Klas?? Where from? I only personally know 1 32GTR owner..


----------



## matty32 (Dec 18, 2005)

sorry was aimed at rudolf


----------



## risingsun123 (Apr 1, 2007)

think i saw this car at mantorp japmeet? think i have a few pics of it myself


----------



## Rudolf (Oct 6, 2005)

risingsun123 said:


> think i saw this car at mantorp japmeet? think i have a few pics of it myself


Yeah you did. He was there. On the track almost all the time. stood with a primer gray 200sx.

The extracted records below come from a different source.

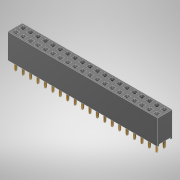
# Autodesk Inventor part: Header Socket 2-20
Saved by Autodesk Inventor 2022.2 (Build 262287010, 287A)
## iProperties
Created: 2025-12-31
Part Number: Header Socket 2-20
Material: 아세탈 수지, 검은색
Document SubType Name: Modeling
Designer: dbstj
Density: 1.425 g/cm^3
Appearance: 매끄러움 - 검은색
Author: dbstj
Autodesk Inventor part; units mm, degrees
ref_plane "YZ Plane" through (0, 0, 0) normal (1, 0, 0) x (0, 1, 0)
ref_plane "XZ Plane" through (0, 0, 0) normal (0, 1, 0) x (-1, 0, 0)
ref_plane "XY Plane" through (0, 0, 0) normal (0, 0, 1) x (1, 0, 0)
sketch "스케치1" plane through (0, 0, 0) normal (0, 1, 0) x (-1, 0, 0)
  line L0 (25.65, 2.5) -> (-25.65, 2.5)
  line L1 (-25.65, 2.5) -> (-25.65, -2.5)
  line L2 (-25.65, -2.5) -> (25.65, -2.5)
  line L3 (25.65, -2.5) -> (25.65, 2.5)
  line L4 (25.65, 2.5) -> (-25.65, -2.5) construction
  line L5 (-25.65, 2.5) -> (25.65, -2.5) construction
  point P0 (0, 0)
  dimension "d0" = 51.3
  dimension "d1" = 5
  constraints: 12 end point, 2 midpoint, 2 parallel, 1 horizontal, 1 perpendicular
  measures "d0" distance of L2.end L1.end
  measures "d1" distance of L1.end L0.end
extrude "돌출1" add sketch "스케치1" along normal blind 8.5
sketch "스케치2" plane through (25.65, 0, 2.5) normal (1, 0, 0) x (0, 0, -1)
  line L0 (0, 0) -> (5, 0) projected
  line L1 (0.5, 0) -> (4.5, 0)
  line L2 (4.5, 0) -> (4.5, 0.5)
  line L3 (4.5, 0.5) -> (0.5, 0.5)
  line L4 (0.5, 0.5) -> (0.5, 0)
  point P0 (2.5, 0)
  point P1 (3.77, 0)
  point P2 (1.23, 0)
  point P3 (2.5, 0)
  point P4 (2.5, 0)
  point P5 (0.83, 0)
  point P6 (4.17, 0)
  point P7 (2.5, 0)
  point P8 (2.5, 0)
  point P9 (2.5, 0)
  dimension "d4" = 1.27
  dimension "d5" = 1.27
  dimension "d6" = 0.4
  dimension "d7" = 0.4
  dimension "d8" = 2
  dimension "d9" = 0.5
  constraints: 8 end point, 2 horizontal alignment, 2 parallel, 1 horizontal, 1 midpoint, 1 perpendicular, 10 other
  measures "d4" distance of point (1.23, 0) point (2.5, 0)
  measures "d5" distance of point (2.5, 0) point (3.77, 0)
  measures "d6" distance of point (1.23, 0) point (0.83, 0)
  measures "d7" distance of point (4.17, 0) point (3.77, 0)
  measures "d8" distance from line of point (2.5, 0) L4
  measures "d9" distance of the line from the sketch origin of L3
extrude "돌출2" cut sketch "스케치2" against normal through all
sketch "스케치3" plane through (25.65, 0.5, -2) normal (0, -1, 0) x (1, 0, 0)
  line L0 (-1.22, 0.53) -> (-1.82, 0.53)
  line L1 (-1.82, 0.53) -> (-1.82, 0.93)
  line L2 (-1.82, 0.93) -> (-1.22, 0.93)
  line L3 (-1.22, 0.93) -> (-1.22, 0.53)
  line L4 (-1.22, 0.53) -> (-1.82, 0.93) construction
  line L5 (-1.82, 0.53) -> (-1.22, 0.93) construction
  line L6 (-3.76, 0.53) -> (-4.36, 0.53)
  line L7 (-4.36, 0.53) -> (-4.36, 0.93)
  line L8 (-4.36, 0.93) -> (-3.76, 0.93)
  line L9 (-3.76, 0.93) -> (-3.76, 0.53)
  line L10 (-6.3, 0.53) -> (-6.9, 0.53)
  line L11 (-6.9, 0.53) -> (-6.9, 0.93)
  line L12 (-6.9, 0.93) -> (-6.3, 0.93)
  line L13 (-6.3, 0.93) -> (-6.3, 0.53)
  line L14 (-8.84, 0.53) -> (-9.44, 0.53)
  line L15 (-9.44, 0.53) -> (-9.44, 0.93)
  line L16 (-9.44, 0.93) -> (-8.84, 0.93)
  line L17 (-8.84, 0.93) -> (-8.84, 0.53)
  line L18 (-11.38, 0.53) -> (-11.98, 0.53)
  line L19 (-11.98, 0.53) -> (-11.98, 0.93)
  line L20 (-11.98, 0.93) -> (-11.38, 0.93)
  line L21 (-11.38, 0.93) -> (-11.38, 0.53)
  line L22 (-13.92, 0.53) -> (-14.52, 0.53)
  line L23 (-14.52, 0.53) -> (-14.52, 0.93)
  line L24 (-14.52, 0.93) -> (-13.92, 0.93)
  line L25 (-13.92, 0.93) -> (-13.92, 0.53)
  line L26 (-16.46, 0.53) -> (-17.06, 0.53)
  line L27 (-17.06, 0.53) -> (-17.06, 0.93)
  line L28 (-17.06, 0.93) -> (-16.46, 0.93)
  line L29 (-16.46, 0.93) -> (-16.46, 0.53)
  line L30 (-19, 0.53) -> (-19.6, 0.53)
  line L31 (-19.6, 0.53) -> (-19.6, 0.93)
  line L32 (-19.6, 0.93) -> (-19, 0.93)
  line L33 (-19, 0.93) -> (-19, 0.53)
  line L34 (-21.54, 0.53) -> (-22.14, 0.53)
  line L35 (-22.14, 0.53) -> (-22.14, 0.93)
  line L36 (-22.14, 0.93) -> (-21.54, 0.93)
  line L37 (-21.54, 0.93) -> (-21.54, 0.53)
  line L38 (-24.08, 0.53) -> (-24.68, 0.53)
  line L39 (-24.68, 0.53) -> (-24.68, 0.93)
  line L40 (-24.68, 0.93) -> (-24.08, 0.93)
  line L41 (-24.08, 0.93) -> (-24.08, 0.53)
  line L42 (-26.62, 0.53) -> (-27.22, 0.53)
  line L43 (-27.22, 0.53) -> (-27.22, 0.93)
  line L44 (-27.22, 0.93) -> (-26.62, 0.93)
  line L45 (-26.62, 0.93) -> (-26.62, 0.53)
  line L46 (-29.16, 0.53) -> (-29.76, 0.53)
  line L47 (-29.76, 0.53) -> (-29.76, 0.93)
  line L48 (-29.76, 0.93) -> (-29.16, 0.93)
  line L49 (-29.16, 0.93) -> (-29.16, 0.53)
  line L50 (-31.7, 0.53) -> (-32.3, 0.53)
  line L51 (-32.3, 0.53) -> (-32.3, 0.93)
  line L52 (-32.3, 0.93) -> (-31.7, 0.93)
  line L53 (-31.7, 0.93) -> (-31.7, 0.53)
  line L54 (-34.24, 0.53) -> (-34.84, 0.53)
  line L55 (-34.84, 0.53) -> (-34.84, 0.93)
  line L56 (-34.84, 0.93) -> (-34.24, 0.93)
  line L57 (-34.24, 0.93) -> (-34.24, 0.53)
  line L58 (-36.78, 0.53) -> (-37.38, 0.53)
  line L59 (-37.38, 0.53) -> (-37.38, 0.93)
  line L60 (-37.38, 0.93) -> (-36.78, 0.93)
  line L61 (-36.78, 0.93) -> (-36.78, 0.53)
  line L62 (-39.32, 0.53) -> (-39.92, 0.53)
  line L63 (-39.92, 0.53) -> (-39.92, 0.93)
  line L64 (-39.92, 0.93) -> (-39.32, 0.93)
  line L65 (-39.32, 0.93) -> (-39.32, 0.53)
  line L66 (-41.86, 0.53) -> (-42.46, 0.53)
  line L67 (-42.46, 0.53) -> (-42.46, 0.93)
  line L68 (-42.46, 0.93) -> (-41.86, 0.93)
  line L69 (-41.86, 0.93) -> (-41.86, 0.53)
  line L70 (-44.4, 0.53) -> (-45, 0.53)
  line L71 (-45, 0.53) -> (-45, 0.93)
  line L72 (-45, 0.93) -> (-44.4, 0.93)
  line L73 (-44.4, 0.93) -> (-44.4, 0.53)
  line L74 (-46.94, 0.53) -> (-47.54, 0.53)
  line L75 (-47.54, 0.53) -> (-47.54, 0.93)
  line L76 (-47.54, 0.93) -> (-46.94, 0.93)
  line L77 (-46.94, 0.93) -> (-46.94, 0.53)
  line L78 (-49.48, 0.53) -> (-50.08, 0.53)
  line L79 (-50.08, 0.53) -> (-50.08, 0.93)
  line L80 (-50.08, 0.93) -> (-49.48, 0.93)
  line L81 (-49.48, 0.93) -> (-49.48, 0.53)
  line L82 (-1.22, 3.07) -> (-1.82, 3.07)
  line L83 (-1.82, 3.07) -> (-1.82, 3.47)
  line L84 (-1.82, 3.47) -> (-1.22, 3.47)
  line L85 (-1.22, 3.47) -> (-1.22, 3.07)
  line L86 (-3.76, 3.07) -> (-4.36, 3.07)
  line L87 (-4.36, 3.07) -> (-4.36, 3.47)
  line L88 (-4.36, 3.47) -> (-3.76, 3.47)
  line L89 (-3.76, 3.47) -> (-3.76, 3.07)
  line L90 (-6.3, 3.07) -> (-6.9, 3.07)
  line L91 (-6.9, 3.07) -> (-6.9, 3.47)
  line L92 (-6.9, 3.47) -> (-6.3, 3.47)
  line L93 (-6.3, 3.47) -> (-6.3, 3.07)
  line L94 (-8.84, 3.07) -> (-9.44, 3.07)
  line L95 (-9.44, 3.07) -> (-9.44, 3.47)
  line L96 (-9.44, 3.47) -> (-8.84, 3.47)
  line L97 (-8.84, 3.47) -> (-8.84, 3.07)
  line L98 (-11.38, 3.07) -> (-11.98, 3.07)
  line L99 (-11.98, 3.07) -> (-11.98, 3.47)
  line L100 (-11.98, 3.47) -> (-11.38, 3.47)
  line L101 (-11.38, 3.47) -> (-11.38, 3.07)
  line L102 (-13.92, 3.07) -> (-14.52, 3.07)
  line L103 (-14.52, 3.07) -> (-14.52, 3.47)
  line L104 (-14.52, 3.47) -> (-13.92, 3.47)
  line L105 (-13.92, 3.47) -> (-13.92, 3.07)
  line L106 (-16.46, 3.07) -> (-17.06, 3.07)
  line L107 (-17.06, 3.07) -> (-17.06, 3.47)
  line L108 (-17.06, 3.47) -> (-16.46, 3.47)
  line L109 (-16.46, 3.47) -> (-16.46, 3.07)
  line L110 (-19, 3.07) -> (-19.6, 3.07)
  line L111 (-19.6, 3.07) -> (-19.6, 3.47)
  line L112 (-19.6, 3.47) -> (-19, 3.47)
  line L113 (-19, 3.47) -> (-19, 3.07)
  line L114 (-21.54, 3.07) -> (-22.14, 3.07)
  line L115 (-22.14, 3.07) -> (-22.14, 3.47)
  line L116 (-22.14, 3.47) -> (-21.54, 3.47)
  line L117 (-21.54, 3.47) -> (-21.54, 3.07)
  line L118 (-24.08, 3.07) -> (-24.68, 3.07)
  line L119 (-24.68, 3.07) -> (-24.68, 3.47)
  line L120 (-24.68, 3.47) -> (-24.08, 3.47)
  line L121 (-24.08, 3.47) -> (-24.08, 3.07)
  line L122 (-26.62, 3.07) -> (-27.22, 3.07)
  line L123 (-27.22, 3.07) -> (-27.22, 3.47)
  line L124 (-27.22, 3.47) -> (-26.62, 3.47)
  line L125 (-26.62, 3.47) -> (-26.62, 3.07)
  line L126 (-29.16, 3.07) -> (-29.76, 3.07)
  line L127 (-29.76, 3.07) -> (-29.76, 3.47)
  line L128 (-29.76, 3.47) -> (-29.16, 3.47)
  line L129 (-29.16, 3.47) -> (-29.16, 3.07)
  line L130 (-31.7, 3.07) -> (-32.3, 3.07)
  line L131 (-32.3, 3.07) -> (-32.3, 3.47)
  line L132 (-32.3, 3.47) -> (-31.7, 3.47)
  line L133 (-31.7, 3.47) -> (-31.7, 3.07)
  line L134 (-34.24, 3.07) -> (-34.84, 3.07)
  line L135 (-34.84, 3.07) -> (-34.84, 3.47)
  line L136 (-34.84, 3.47) -> (-34.24, 3.47)
  line L137 (-34.24, 3.47) -> (-34.24, 3.07)
  line L138 (-36.78, 3.07) -> (-37.38, 3.07)
  line L139 (-37.38, 3.07) -> (-37.38, 3.47)
  line L140 (-37.38, 3.47) -> (-36.78, 3.47)
  line L141 (-36.78, 3.47) -> (-36.78, 3.07)
  line L142 (-39.32, 3.07) -> (-39.92, 3.07)
  line L143 (-39.92, 3.07) -> (-39.92, 3.47)
  line L144 (-39.92, 3.47) -> (-39.32, 3.47)
  line L145 (-39.32, 3.47) -> (-39.32, 3.07)
  line L146 (-41.86, 3.07) -> (-42.46, 3.07)
  line L147 (-42.46, 3.07) -> (-42.46, 3.47)
  line L148 (-42.46, 3.47) -> (-41.86, 3.47)
  line L149 (-41.86, 3.47) -> (-41.86, 3.07)
  line L150 (-44.4, 3.07) -> (-45, 3.07)
  line L151 (-45, 3.07) -> (-45, 3.47)
  line L152 (-45, 3.47) -> (-44.4, 3.47)
  line L153 (-44.4, 3.47) -> (-44.4, 3.07)
  line L154 (-46.94, 3.07) -> (-47.54, 3.07)
  line L155 (-47.54, 3.07) -> (-47.54, 3.47)
  line L156 (-47.54, 3.47) -> (-46.94, 3.47)
  line L157 (-46.94, 3.47) -> (-46.94, 3.07)
  line L158 (-49.48, 3.07) -> (-50.08, 3.07)
  line L159 (-50.08, 3.07) -> (-50.08, 3.47)
  line L160 (-50.08, 3.47) -> (-49.48, 3.47)
  line L161 (-49.48, 3.47) -> (-49.48, 3.07)
  point P0 (-25.65, 2)
  point P1 (-1.52, 0.73)
  point P2 (-1.52, 0.73)
  point P3 (-1.52, 0.73)
  point P4 (-4.06, 0.73)
  point P5 (-6.6, 0.73)
  point P6 (-9.14, 0.73)
  point P7 (-11.68, 0.73)
  point P8 (-14.22, 0.73)
  point P9 (-16.76, 0.73)
  point P10 (-19.3, 0.73)
  point P11 (-21.84, 0.73)
  point P12 (-24.38, 0.73)
  point P13 (-26.92, 0.73)
  point P14 (-29.46, 0.73)
  point P15 (-32, 0.73)
  point P16 (-34.54, 0.73)
  point P17 (-37.08, 0.73)
  point P18 (-39.62, 0.73)
  point P19 (-42.16, 0.73)
  point P20 (-44.7, 0.73)
  point P21 (-47.24, 0.73)
  point P22 (-49.78, 0.73)
  point P23 (-1.52, 3.27)
  point P24 (-4.06, 3.27)
  point P25 (-6.6, 3.27)
  point P26 (-9.14, 3.27)
  point P27 (-11.68, 3.27)
  point P28 (-14.22, 3.27)
  point P29 (-16.76, 3.27)
  point P30 (-19.3, 3.27)
  point P31 (-21.84, 3.27)
  point P32 (-24.38, 3.27)
  point P33 (-26.92, 3.27)
  point P34 (-29.46, 3.27)
  point P35 (-32, 3.27)
  point P36 (-34.54, 3.27)
  point P37 (-37.08, 3.27)
  point P38 (-39.62, 3.27)
  point P39 (-42.16, 3.27)
  point P40 (-44.7, 3.27)
  point P41 (-47.24, 3.27)
  point P42 (-49.78, 3.27)
  dimension "d12" = 0.6
  dimension "d13" = 0.4
  dimension "d14" = 1.27
  dimension "d15" = 24.13
  dimension "d18" = 2.54
  dimension "d21" = 2.54
  constraints: 324 end point, 4 midpoint, 2 collinear, 2 horizontal, 2 parallel, 1 perpendicular, 1 vertical, 349 other
  measures "d12" distance of L1.end L2.end
  measures "d13" distance of L0.end L1.end
  measures "d14" vertical distance of point (-1.52, 0.73) point (-25.65, 2)
  measures "d15" horizontal distance of point (-25.65, 2) point (-1.52, 0.73)
  measures "d18" distance of L0.start L6.start
  measures "d21" distance of L0.start L82.start
extrude "돌출3" add sketch "스케치3" along normal blind 3.5
sketch "스케치4" plane through (24.43, 0.5, -1.47) normal (0, 0, -1) x (-1, 0, 0)
  line L0 (0, -3.5) -> (0.6, -3.5) projected
  line L1 (0.45, -3.5) -> (0.6, -3.1)
  line L2 (0.6, 0) -> (0.6, -3.5) projected
  line L3 (0.15, -3.5) -> (0, -3.1)
  line L4 (0, 0) -> (0, -3.5) projected
  line L5 (2.99, -3.5) -> (3.14, -3.1)
  line L6 (2.69, -3.5) -> (2.54, -3.1)
  line L7 (5.53, -3.5) -> (5.68, -3.1)
  line L8 (5.23, -3.5) -> (5.08, -3.1)
  line L9 (8.07, -3.5) -> (8.22, -3.1)
  line L10 (7.77, -3.5) -> (7.62, -3.1)
  line L11 (10.61, -3.5) -> (10.76, -3.1)
  line L12 (10.31, -3.5) -> (10.16, -3.1)
  line L13 (13.15, -3.5) -> (13.3, -3.1)
  line L14 (12.85, -3.5) -> (12.7, -3.1)
  line L15 (15.69, -3.5) -> (15.84, -3.1)
  line L16 (15.39, -3.5) -> (15.24, -3.1)
  line L17 (18.23, -3.5) -> (18.38, -3.1)
  line L18 (17.93, -3.5) -> (17.78, -3.1)
  line L19 (20.77, -3.5) -> (20.92, -3.1)
  line L20 (20.47, -3.5) -> (20.32, -3.1)
  line L21 (23.31, -3.5) -> (23.46, -3.1)
  line L22 (23.01, -3.5) -> (22.86, -3.1)
  line L23 (25.85, -3.5) -> (26, -3.1)
  line L24 (25.55, -3.5) -> (25.4, -3.1)
  line L25 (28.39, -3.5) -> (28.54, -3.1)
  line L26 (28.09, -3.5) -> (27.94, -3.1)
  line L27 (30.93, -3.5) -> (31.08, -3.1)
  line L28 (30.63, -3.5) -> (30.48, -3.1)
  line L29 (33.47, -3.5) -> (33.62, -3.1)
  line L30 (33.17, -3.5) -> (33.02, -3.1)
  line L31 (36.01, -3.5) -> (36.16, -3.1)
  line L32 (35.71, -3.5) -> (35.56, -3.1)
  line L33 (38.55, -3.5) -> (38.7, -3.1)
  line L34 (38.25, -3.5) -> (38.1, -3.1)
  line L35 (41.09, -3.5) -> (41.24, -3.1)
  line L36 (40.79, -3.5) -> (40.64, -3.1)
  line L37 (43.63, -3.5) -> (43.78, -3.1)
  line L38 (43.33, -3.5) -> (43.18, -3.1)
  line L39 (46.17, -3.5) -> (46.32, -3.1)
  line L40 (45.87, -3.5) -> (45.72, -3.1)
  line L41 (48.71, -3.5) -> (48.86, -3.1)
  line L42 (48.41, -3.5) -> (48.26, -3.1)
  line L43 (2.54, 0) -> (3.14, 0) projected
  line L44 (2.54, 0) -> (2.54, -3.5) projected
  line L45 (3.14, -3.5) -> (2.54, -3.5) projected
  line L46 (3.14, 0) -> (3.14, -3.5) projected
  line L47 (5.08, 0) -> (5.68, 0) projected
  line L48 (5.08, 0) -> (5.08, -3.5) projected
  line L49 (5.68, -3.5) -> (5.08, -3.5) projected
  line L50 (5.68, 0) -> (5.68, -3.5) projected
  line L51 (7.62, 0) -> (8.22, 0) projected
  line L52 (7.62, 0) -> (7.62, -3.5) projected
  line L53 (8.22, -3.5) -> (7.62, -3.5) projected
  line L54 (8.22, 0) -> (8.22, -3.5) projected
  line L55 (10.16, 0) -> (10.76, 0) projected
  line L56 (10.16, 0) -> (10.16, -3.5) projected
  line L57 (10.76, -3.5) -> (10.16, -3.5) projected
  line L58 (10.76, 0) -> (10.76, -3.5) projected
  line L59 (12.7, 0) -> (13.3, 0) projected
  line L60 (12.7, 0) -> (12.7, -3.5) projected
  line L61 (13.3, -3.5) -> (12.7, -3.5) projected
  line L62 (13.3, 0) -> (13.3, -3.5) projected
  line L63 (48.26, 0) -> (48.86, 0) projected
  line L64 (48.26, 0) -> (48.26, -3.5) projected
  line L65 (48.86, -3.5) -> (48.26, -3.5) projected
  line L66 (48.86, 0) -> (48.86, -3.5) projected
  line L67 (45.72, 0) -> (45.72, -3.5) projected
  line L68 (43.18, 0) -> (43.78, 0) projected
  line L69 (43.18, 0) -> (43.18, -3.5) projected
  line L70 (43.78, -3.5) -> (43.18, -3.5) projected
  line L71 (43.78, 0) -> (43.78, -3.5) projected
  line L72 (40.64, 0) -> (40.64, -3.5) projected
  line L73 (41.24, 0) -> (41.24, -3.5) projected
  line L74 (40.64, 0) -> (41.24, 0) projected
  line L75 (40.64, 0) -> (40.64, -3.5) projected
  line L76 (41.24, -3.5) -> (40.64, -3.5) projected
  line L77 (41.24, 0) -> (41.24, -3.5) projected
  line L78 (38.1, 0) -> (38.7, 0) projected
  line L79 (38.1, 0) -> (38.1, -3.5) projected
  line L80 (38.7, -3.5) -> (38.1, -3.5) projected
  line L81 (38.7, 0) -> (38.7, -3.5) projected
  line L82 (35.56, 0) -> (36.16, 0) projected
  line L83 (35.56, 0) -> (35.56, -3.5) projected
  line L84 (36.16, -3.5) -> (35.56, -3.5) projected
  line L85 (36.16, 0) -> (36.16, -3.5) projected
  line L86 (33.02, 0) -> (33.02, -3.5) projected
  line L87 (33.02, 0) -> (33.62, 0) projected
  line L88 (33.02, 0) -> (33.02, -3.5) projected
  line L89 (33.62, -3.5) -> (33.02, -3.5) projected
  line L90 (33.62, 0) -> (33.62, -3.5) projected
  line L91 (30.48, 0) -> (31.08, 0) projected
  line L92 (30.48, 0) -> (30.48, -3.5) projected
  line L93 (31.08, -3.5) -> (30.48, -3.5) projected
  line L94 (31.08, 0) -> (31.08, -3.5) projected
  line L95 (28.54, 0) -> (28.54, -3.5) projected
  line L96 (27.94, 0) -> (27.94, -3.5) projected
  line L97 (27.94, 0) -> (28.54, 0) projected
  line L98 (27.94, 0) -> (27.94, -3.5) projected
  line L99 (28.54, -3.5) -> (27.94, -3.5) projected
  line L100 (28.54, 0) -> (28.54, -3.5) projected
  line L101 (25.4, 0) -> (25.4, -3.5) projected
  line L102 (26, 0) -> (26, -3.5) projected
  line L103 (25.4, 0) -> (26, 0) projected
  line L104 (25.4, 0) -> (25.4, -3.5) projected
  line L105 (26, -3.5) -> (25.4, -3.5) projected
  line L106 (26, 0) -> (26, -3.5) projected
  line L107 (22.86, 0) -> (23.46, 0) projected
  line L108 (22.86, 0) -> (22.86, -3.5) projected
  line L109 (23.46, -3.5) -> (22.86, -3.5) projected
  line L110 (23.46, 0) -> (23.46, -3.5) projected
  line L111 (20.32, 0) -> (20.32, -3.5) projected
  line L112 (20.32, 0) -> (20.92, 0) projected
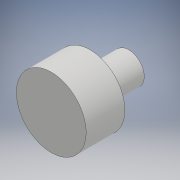
# Autodesk Inventor part: Platform Pin
Saved by Autodesk Inventor 2017 (Build 210142000, 142)
## iProperties
Created: 2018-03-19
Part Number: Platform Pin
Material: Generic
Document SubType Name: Modeling
Designer: Arjuna
Density: 1 g/cm^3
Appearance: Default
Author: Arjuna
## iProperties of the stored document Platform Pin_3DPrint.ipt
Created: 2018-03-30
Part Number: Platform Pin_3DPrint
Material: Generic
Document SubType Name: Modeling
Designer: Arjuna
Density: 1 g/cm^3
Appearance: Default
Author: Arjuna
Autodesk Inventor part; units mm, degrees
ref_plane "YZ Plane" through (0, 0, 0) normal (1, 0, 0) x (0, 1, 0)
ref_plane "XZ Plane" through (0, 0, 0) normal (0, 1, 0) x (-1, 0, 0)
ref_plane "XY Plane" through (0, 0, 0) normal (0, 0, 1) x (1, 0, 0)
sketch "Sketch1" plane through (0, 0, 0) normal (0, 1, 0) x (-1, 0, 0)
  circle A0 centre (0, 0) radius 4.5
  dimension "d0" = 9
  constraints: 1 centre point, 1 coincident
  measures "d0" diameter of A0
extrude "Extrusion1" add sketch "Sketch1" along normal blind 5
sketch "Sketch2" plane through (0, 5, 0) normal (0, 1, 0) x (1, 0, 0)
  circle A0 centre (0, 0) radius 2
  dimension "d3" = 4
  constraints: 1 centre point, 1 coincident
  measures "d3" diameter of A0
extrude "Extrusion2" add sketch "Sketch2" along normal blind 5
body "Solid1"

Matty: You had a silver v-spec? in that case i know who he is


----------



## Pez301 (May 29, 2007)

you have a nice 32, i love the light in those pic , you have photo skills too


----------



## Crono (Oct 7, 2005)

Looks amazing.


----------



## git-r (Nov 15, 2005)

Best colour:bowdown1: 

And mines in white:chuckle:


----------



## JDMist3hfastar (Feb 23, 2007)

skeet, skeet! Those wheels look amazing on that car!


----------



## Wanabee Kiwi (Mar 31, 2007)

Nick MW said:


> BBS LM suit a 32 so well. Very nice car


True to its racing pedigree


----------



## Eber (Aug 5, 2007)

Do any of you know where I can get the center caps for those wheels. I have the BBS LM as well but all the caps are missing? I can't find the damn things anywhere


----------



## babz_audio (Apr 12, 2004)

love black R32s....i want one myself  

nice pics too mate


----------



## Vihis (Jan 1, 2008)

Is that the 732 - Black Pearl Metallic paint ? or some other black ? If not, could you please tell me the paint colour code 

Also, are those stock headlights or some others ? they look stock, but as you are from Sweden they might be something very similar.

Looks awesome, 10/10.


----------



## DaveV (Feb 27, 2007)

Have you done any post work on the photos in Photshop? 
They look fantastic :bowdown1: 

Some day my black R32 will be that shiney


----------



## Piggaz (Sep 5, 2002)

First words when i saw the photo was "wow"
Well done.... Perfect!


----------



## zell (Nov 23, 2007)

Perfect wheel choice


----------



## TURBO_T (Mar 24, 2008)

looks really good


----------



## Rudolf (Oct 6, 2005)

Vihis said:


> Is that the 732 - Black Pearl Metallic paint ? or some other black ? If not, could you please tell me the paint colour code
> 
> Also, are those stock headlights or some others ? they look stock, but as you are from Sweden they might be something very similar.
> 
> Looks awesome, 10/10.



It's is the stock R32 GTR black. That's all i know. The lights are stock.


----------



## Shakkagts-t (Apr 19, 2007)

Black with gold rims, best look for an R32 GTR! I may be biased though!


----------



## kjansch (May 8, 2005)

Holy Moly! That has to be the best looking 32 I've ever seen - almost wants me to re-spray my 33 (currently white). You're a very lucy person. More photos please!


----------



## Spooled1.8 (Apr 26, 2007)

The paint looks to be in great condition, awesome GTR!


----------